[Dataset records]
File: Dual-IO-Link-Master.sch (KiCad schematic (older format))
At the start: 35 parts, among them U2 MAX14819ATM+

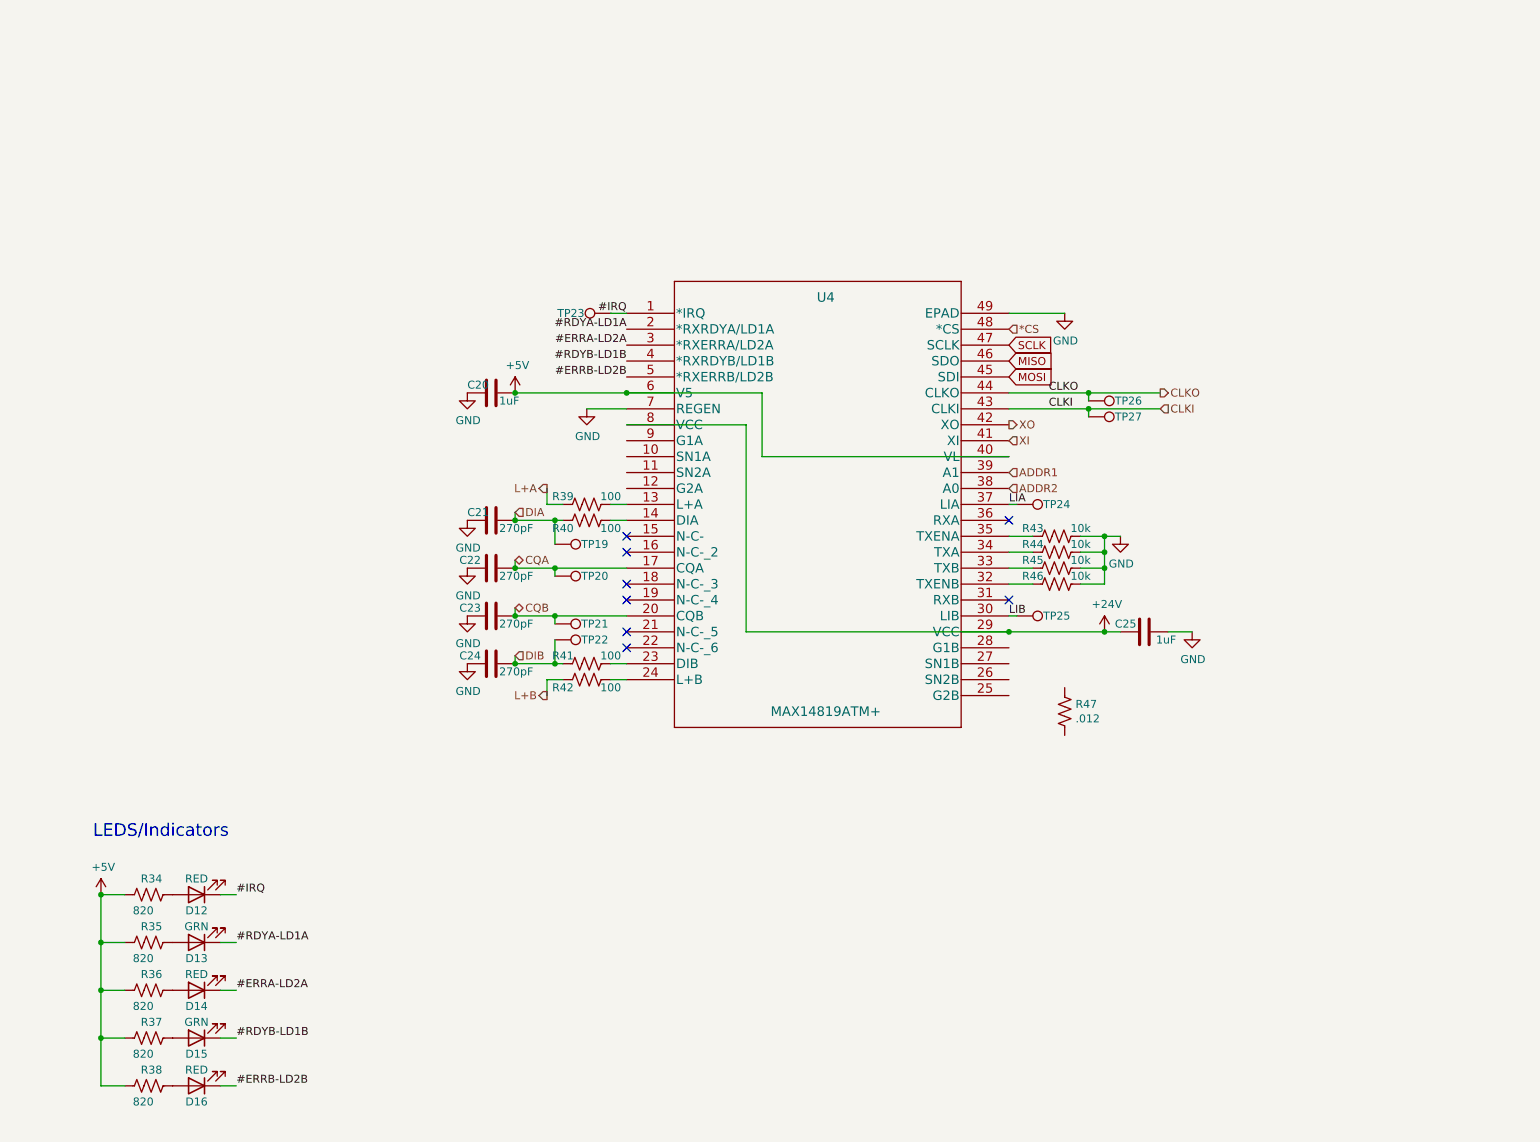
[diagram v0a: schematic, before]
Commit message: New step up that can handle 2A (instead of only 400mA)
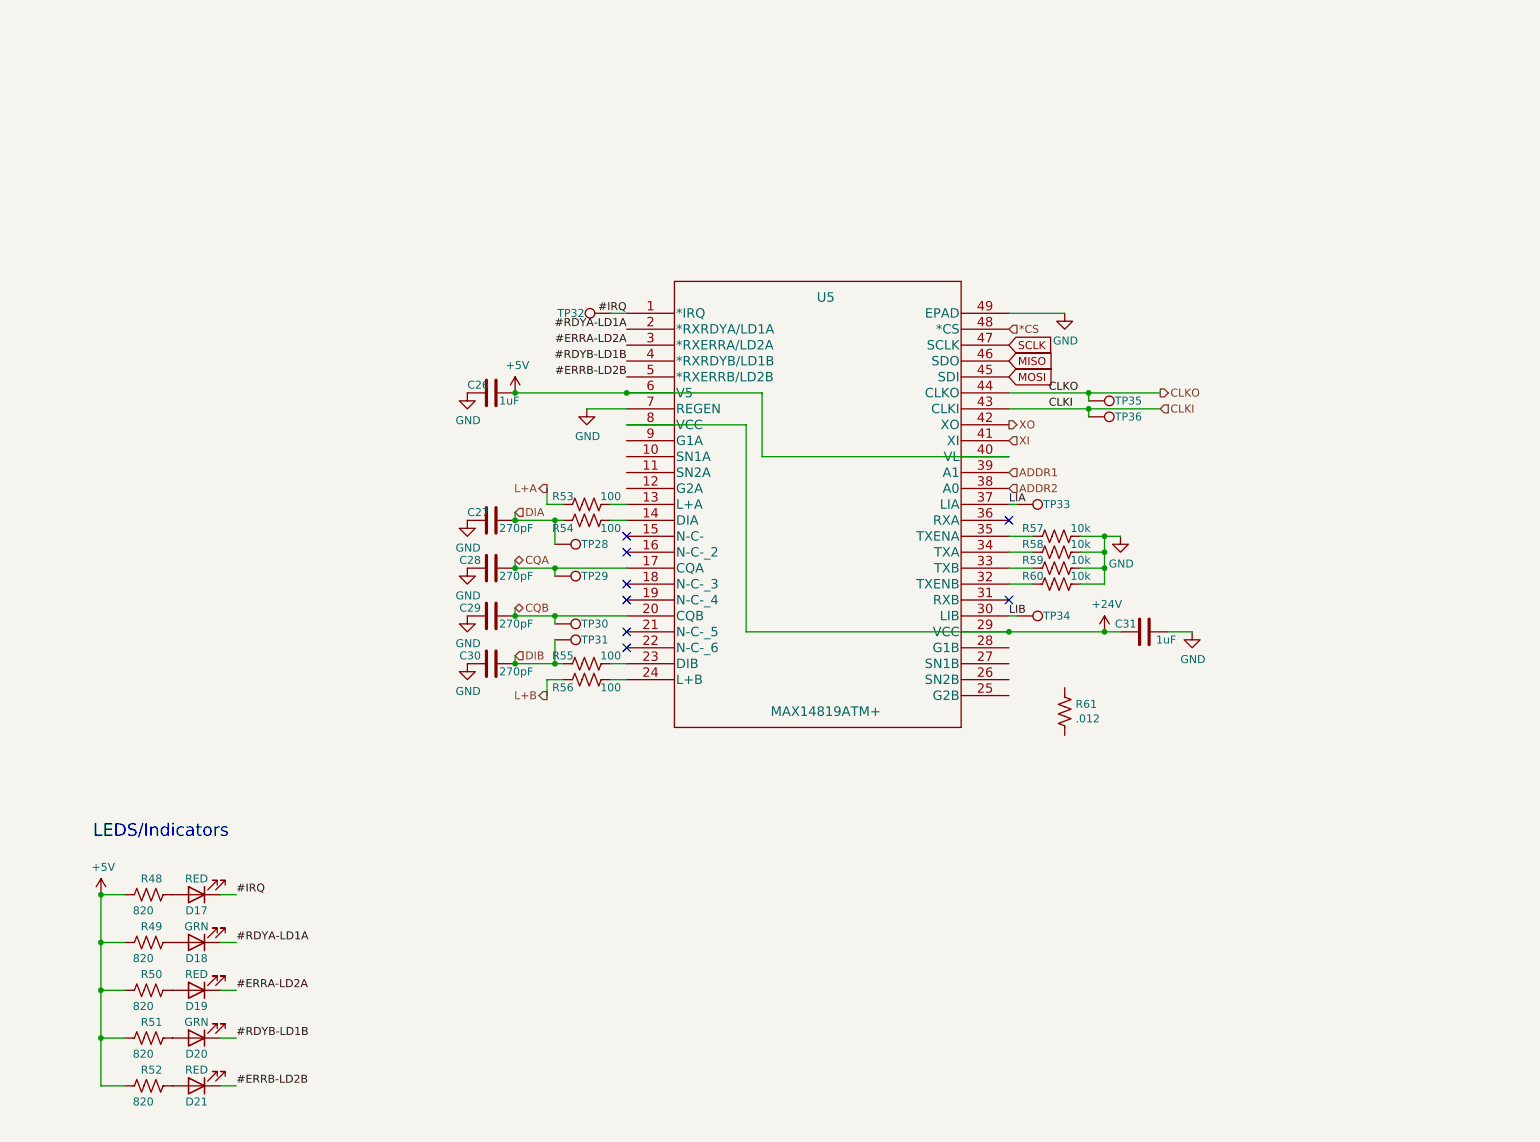
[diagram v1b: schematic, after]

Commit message: Wrapping up schematics for the MAX14819s
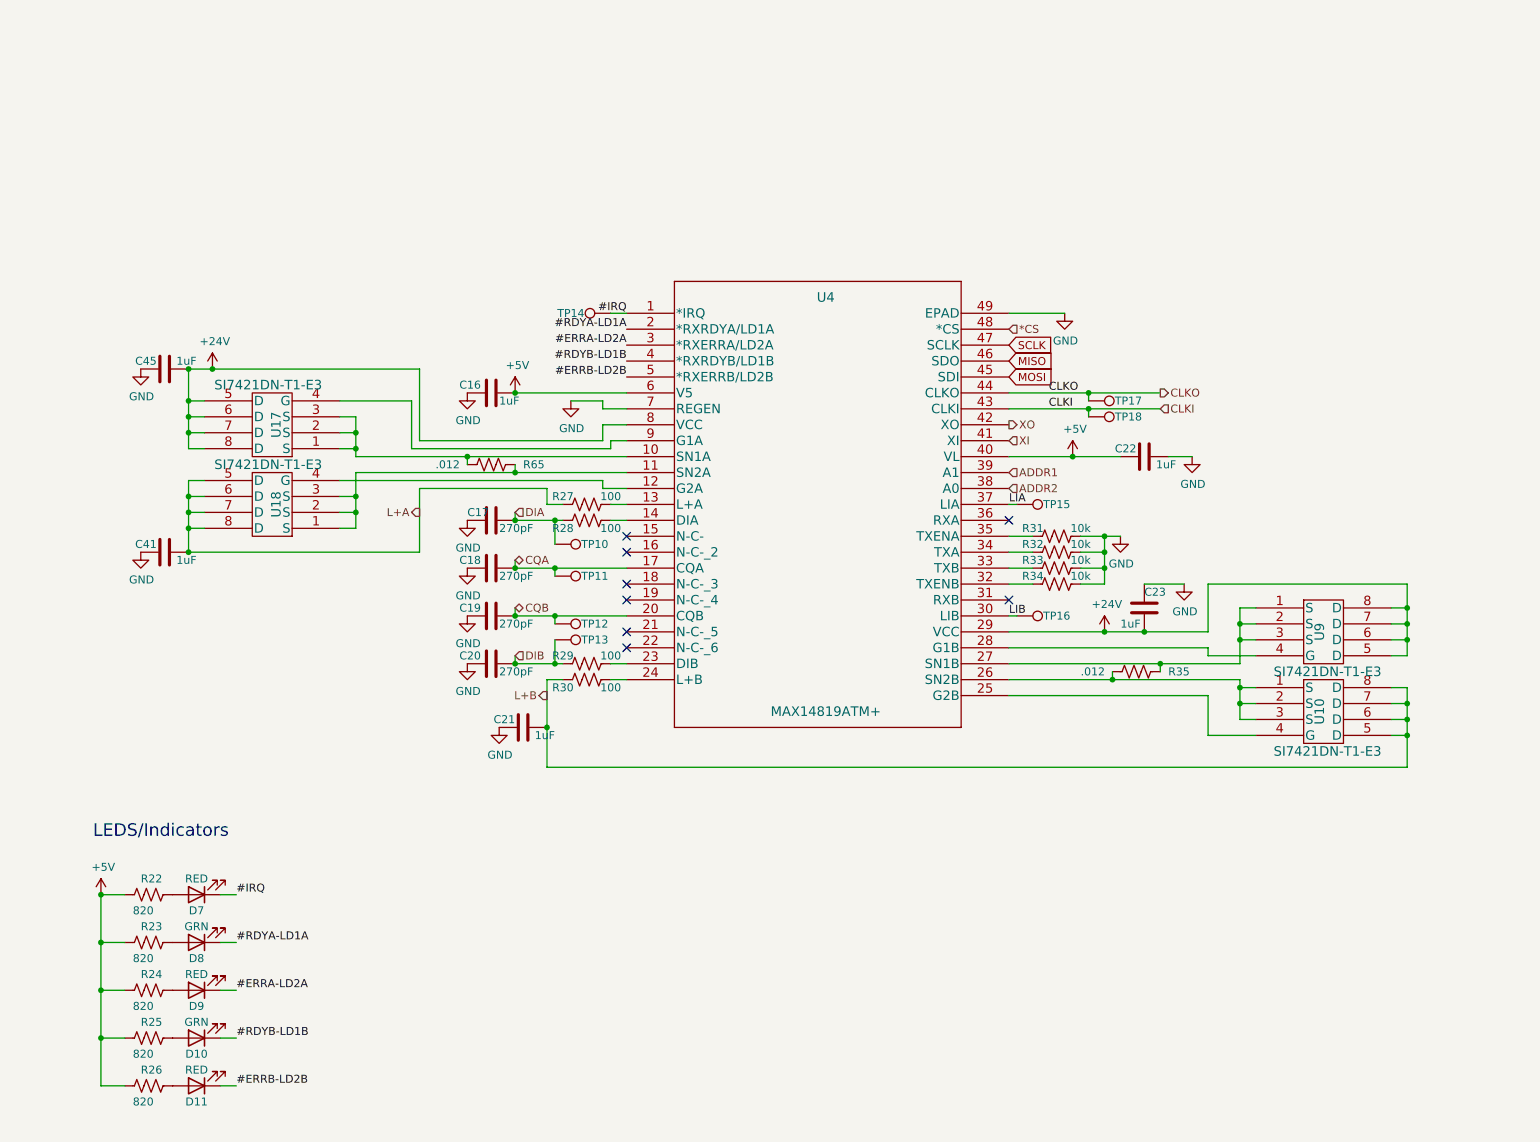
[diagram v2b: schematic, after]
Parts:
- added C13, C14, C40, C44: 1uF, symbol Device:C
- added R64: .012, symbol Device:R_US
- added U10, U17, U18, U9: SI7421DN-T1-E3, MOSFET_4DN-T1-E3_VIS, symbol SI7421DN-T1-E3:SI7421DN-T1-E3
- renumbered C13 to C15, R15 to R10, R16 to R11, R17 to R12, R5 to R13, R6 to R14, R7 to R15, R8 to R16, R9 to R17, R10 to R18, R11 to R19, R12 to R20, R19 to R21, R13 to R8, R14 to R9, TP6 to TP1, TP7 to TP2, TP8 to TP3, TP9 to TP4, TP1 to TP5, TP3 to TP6, TP2 to TP7, TP4 to TP8, TP5 to TP9, U2 to U3
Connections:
- net +24V: now also C15.2, C44.2, U17.5 (D), U17.6 (D), U17.7 (D), U17.8 (D), U9.5 (D), U9.6 (D), U9.7 (D), U9.8 (D); no longer C15.1
- net +5V: now also C14.1
- net GND: now also C15.1, C13.1, C14.2, C40.1, C44.1; no longer C15.2
- net L+A: now also C40.2, U18.5 (D), U18.6 (D), U18.7 (D), U18.8 (D)
- net L+B: now also C13.2, U10.5 (D), U10.6 (D), U10.7 (D), U10.8 (D)
- net at U3.10 (SN1A): now also R64.2, U17.1 (S), U17.2 (S), U17.3 (S)
- net at U3.11 (SN2A): now also R64.1, U18.1 (S), U18.2 (S), U18.3 (S)
- net at U3.12 (G2A): now also U18.4 (G)
- net at U3.25 (G2B): now also U10.4 (G)
- net at U3.26 (SN2B): now also R21.2, U10.1 (S), U10.2 (S), U10.3 (S)
- net at U3.27 (SN1B): now also R21.1, U9.1 (S), U9.2 (S), U9.3 (S)
- net at U3.28 (G1B): now also U9.4 (G)
- net at U3.9 (G1A): now also U17.4 (G)
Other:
- moved on the sheet: C23, R35

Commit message: Schematic edits
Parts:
- added D32: L+A, symbol Device:LED
- added D33: L+B, symbol Device:LED
- added R68, R69: 6.8k, symbol Device:R_US
- added TP37: L+A, symbol Connector:TestPoint
- added TP38: L+B, symbol Connector:TestPoint
- added TVS21, TVS22, TVS23, TVS24, TVS25, TVS26: SMCJ48A, SMCJSeries_LTF, symbol SMCJ48A:SMCJ48A
- D27: renamed from D2; value RED -> IRQ
- D28: renamed from D3; value GRN -> LD1A
- D29: renamed from D4; value RED -> LD2A
- D30: renamed from D5; value GRN -> LD1B
- D31: renamed from D6; value RED -> LD2B
- TP39: renamed from TP1; value TP -> DIA
- TP40: renamed from TP2; value TP -> CQA
- TP41: renamed from TP3; value TP -> CQB
- TP42: renamed from TP4; value TP -> DIB
- TP44: renamed from TP6; value TP -> LIA
- TP45: renamed from TP7; value TP -> LIB
- TP46: renamed from TP8; value TP -> CLKO
- TP47: renamed from TP9; value TP -> CLKI
- renumbered C44 to C42, C40 to C43, C8 to C44, C9 to C45, C10 to C46, C11 to C47, C12 to C48, C13 to C49, C14 to C50, C15 to C51, R8 to R63, R9 to R64, R10 to R65, R11 to R66, R12 to R67, R64 to R70, R13 to R71, R14 to R72, R15 to R73, R16 to R74, R17 to R75, R18 to R76, R19 to R77, R20 to R78, R21 to R79, TP5 to TP43, U3 to U20, U17 to U3, U18 to U4, U9 to U6, U10 to U7
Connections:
- net ADDR1 is gone; now on net GND: U20.39 (A1)
- net ADDR2 is gone; now on net GND: U20.38 (A0)
- net #ERRA-LD2A: now also R65.1; no longer D29.1 (K)
- net #ERRB-LD2B: now also R67.1; no longer D31.1 (K)
- net #IRQ: now also R63.1; no longer D27.1 (K)
- net #RDYA-LD1A: now also R64.1; no longer D28.1 (K)
- net #RDYB-LD1B: now also R66.1; no longer D30.1 (K)
- net +5V: no longer C50.1, R63.2, R64.2, R65.2, R66.2, R67.2, U20.40 (VL)
- net CQA: now also TVS23.2
- net CQB: now also TVS26.2
- net DIA: now also TVS22.2
- net DIB: now also TVS25.2
- net GND: now also R68.1, R69.1
- net L+A: now also D32.2 (A), TP37.1, TVS21.2
- net L+B: now also D33.2 (A), TP38.1, TVS24.2
- net +3V3: now reaches D27.2 (A)
- net +3V3: now also C50.1, D28.2 (A), D29.2 (A), D30.2 (A), D31.2 (A), U20.40 (VL); no longer R63.1
- net LIA: no longer names the net of TP44.1, U20.37 (LIA)
- net LIB: no longer names the net of TP45.1, U20.30 (LIB)
- new net: D32.1 (K), R68.2
- new net: D33.1 (K), R69.2
- new net: D27.1 (K), R63.2
- new net: D28.1 (K), R64.2
- new net: D29.1 (K), R65.2
- new net: D30.1 (K), R66.2
- new net: D31.1 (K), R67.2
- new net TVS_CLAMP: TVS21.1, TVS22.1, TVS23.1, TVS24.1, TVS25.1, TVS26.1
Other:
- note added: "IO-Link Master\n"
- note added: "LEDs/Indicators"
- note added: "TVS"
- note removed: "LEDS/Indicators"
- moved on the sheet: C43, D27, D28, D29, D30, D31, R63, R64, R65, R66, R67, TP41

__Goal of the exercise__
Would you set down the records exactly, with no pictures included?

__Answer section__
File: Dual-IO-Link-Master.sch (KiCad schematic (older format))
At the start: 35 parts, among them U2 MAX14819ATM+

[diagram v0a: schematic, before]
Commit message: New step up that can handle 2A (instead of only 400mA)
[diagram v1b: schematic, after]

Commit message: Wrapping up schematics for the MAX14819s
[diagram v2b: schematic, after]
Parts:
- added C13, C14, C40, C44: 1uF, symbol Device:C
- added R64: .012, symbol Device:R_US
- added U10, U17, U18, U9: SI7421DN-T1-E3, MOSFET_4DN-T1-E3_VIS, symbol SI7421DN-T1-E3:SI7421DN-T1-E3
- renumbered C13 to C15, R15 to R10, R16 to R11, R17 to R12, R5 to R13, R6 to R14, R7 to R15, R8 to R16, R9 to R17, R10 to R18, R11 to R19, R12 to R20, R19 to R21, R13 to R8, R14 to R9, TP6 to TP1, TP7 to TP2, TP8 to TP3, TP9 to TP4, TP1 to TP5, TP3 to TP6, TP2 to TP7, TP4 to TP8, TP5 to TP9, U2 to U3
Connections:
- net +24V: now also C15.2, C44.2, U17.5 (D), U17.6 (D), U17.7 (D), U17.8 (D), U9.5 (D), U9.6 (D), U9.7 (D), U9.8 (D); no longer C15.1
- net +5V: now also C14.1
- net GND: now also C15.1, C13.1, C14.2, C40.1, C44.1; no longer C15.2
- net L+A: now also C40.2, U18.5 (D), U18.6 (D), U18.7 (D), U18.8 (D)
- net L+B: now also C13.2, U10.5 (D), U10.6 (D), U10.7 (D), U10.8 (D)
- net at U3.10 (SN1A): now also R64.2, U17.1 (S), U17.2 (S), U17.3 (S)
- net at U3.11 (SN2A): now also R64.1, U18.1 (S), U18.2 (S), U18.3 (S)
- net at U3.12 (G2A): now also U18.4 (G)
- net at U3.25 (G2B): now also U10.4 (G)
- net at U3.26 (SN2B): now also R21.2, U10.1 (S), U10.2 (S), U10.3 (S)
- net at U3.27 (SN1B): now also R21.1, U9.1 (S), U9.2 (S), U9.3 (S)
- net at U3.28 (G1B): now also U9.4 (G)
- net at U3.9 (G1A): now also U17.4 (G)
Other:
- moved on the sheet: C23, R35

Commit message: Schematic edits
Parts:
- added D32: L+A, symbol Device:LED
- added D33: L+B, symbol Device:LED
- added R68, R69: 6.8k, symbol Device:R_US
- added TP37: L+A, symbol Connector:TestPoint
- added TP38: L+B, symbol Connector:TestPoint
- added TVS21, TVS22, TVS23, TVS24, TVS25, TVS26: SMCJ48A, SMCJSeries_LTF, symbol SMCJ48A:SMCJ48A
- D27: renamed from D2; value RED -> IRQ
- D28: renamed from D3; value GRN -> LD1A
- D29: renamed from D4; value RED -> LD2A
- D30: renamed from D5; value GRN -> LD1B
- D31: renamed from D6; value RED -> LD2B
- TP39: renamed from TP1; value TP -> DIA
- TP40: renamed from TP2; value TP -> CQA
- TP41: renamed from TP3; value TP -> CQB
- TP42: renamed from TP4; value TP -> DIB
- TP44: renamed from TP6; value TP -> LIA
- TP45: renamed from TP7; value TP -> LIB
- TP46: renamed from TP8; value TP -> CLKO
- TP47: renamed from TP9; value TP -> CLKI
- renumbered C44 to C42, C40 to C43, C8 to C44, C9 to C45, C10 to C46, C11 to C47, C12 to C48, C13 to C49, C14 to C50, C15 to C51, R8 to R63, R9 to R64, R10 to R65, R11 to R66, R12 to R67, R64 to R70, R13 to R71, R14 to R72, R15 to R73, R16 to R74, R17 to R75, R18 to R76, R19 to R77, R20 to R78, R21 to R79, TP5 to TP43, U3 to U20, U17 to U3, U18 to U4, U9 to U6, U10 to U7
Connections:
- net ADDR1 is gone; now on net GND: U20.39 (A1)
- net ADDR2 is gone; now on net GND: U20.38 (A0)
- net #ERRA-LD2A: now also R65.1; no longer D29.1 (K)
- net #ERRB-LD2B: now also R67.1; no longer D31.1 (K)
- net #IRQ: now also R63.1; no longer D27.1 (K)
- net #RDYA-LD1A: now also R64.1; no longer D28.1 (K)
- net #RDYB-LD1B: now also R66.1; no longer D30.1 (K)
- net +5V: no longer C50.1, R63.2, R64.2, R65.2, R66.2, R67.2, U20.40 (VL)
- net CQA: now also TVS23.2
- net CQB: now also TVS26.2
- net DIA: now also TVS22.2
- net DIB: now also TVS25.2
- net GND: now also R68.1, R69.1
- net L+A: now also D32.2 (A), TP37.1, TVS21.2
- net L+B: now also D33.2 (A), TP38.1, TVS24.2
- net +3V3: now reaches D27.2 (A)
- net +3V3: now also C50.1, D28.2 (A), D29.2 (A), D30.2 (A), D31.2 (A), U20.40 (VL); no longer R63.1
- net LIA: no longer names the net of TP44.1, U20.37 (LIA)
- net LIB: no longer names the net of TP45.1, U20.30 (LIB)
- new net: D32.1 (K), R68.2
- new net: D33.1 (K), R69.2
- new net: D27.1 (K), R63.2
- new net: D28.1 (K), R64.2
- new net: D29.1 (K), R65.2
- new net: D30.1 (K), R66.2
- new net: D31.1 (K), R67.2
- new net TVS_CLAMP: TVS21.1, TVS22.1, TVS23.1, TVS24.1, TVS25.1, TVS26.1
Other:
- note added: "IO-Link Master\n"
- note added: "LEDs/Indicators"
- note added: "TVS"
- note removed: "LEDS/Indicators"
- moved on the sheet: C43, D27, D28, D29, D30, D31, R63, R64, R65, R66, R67, TP41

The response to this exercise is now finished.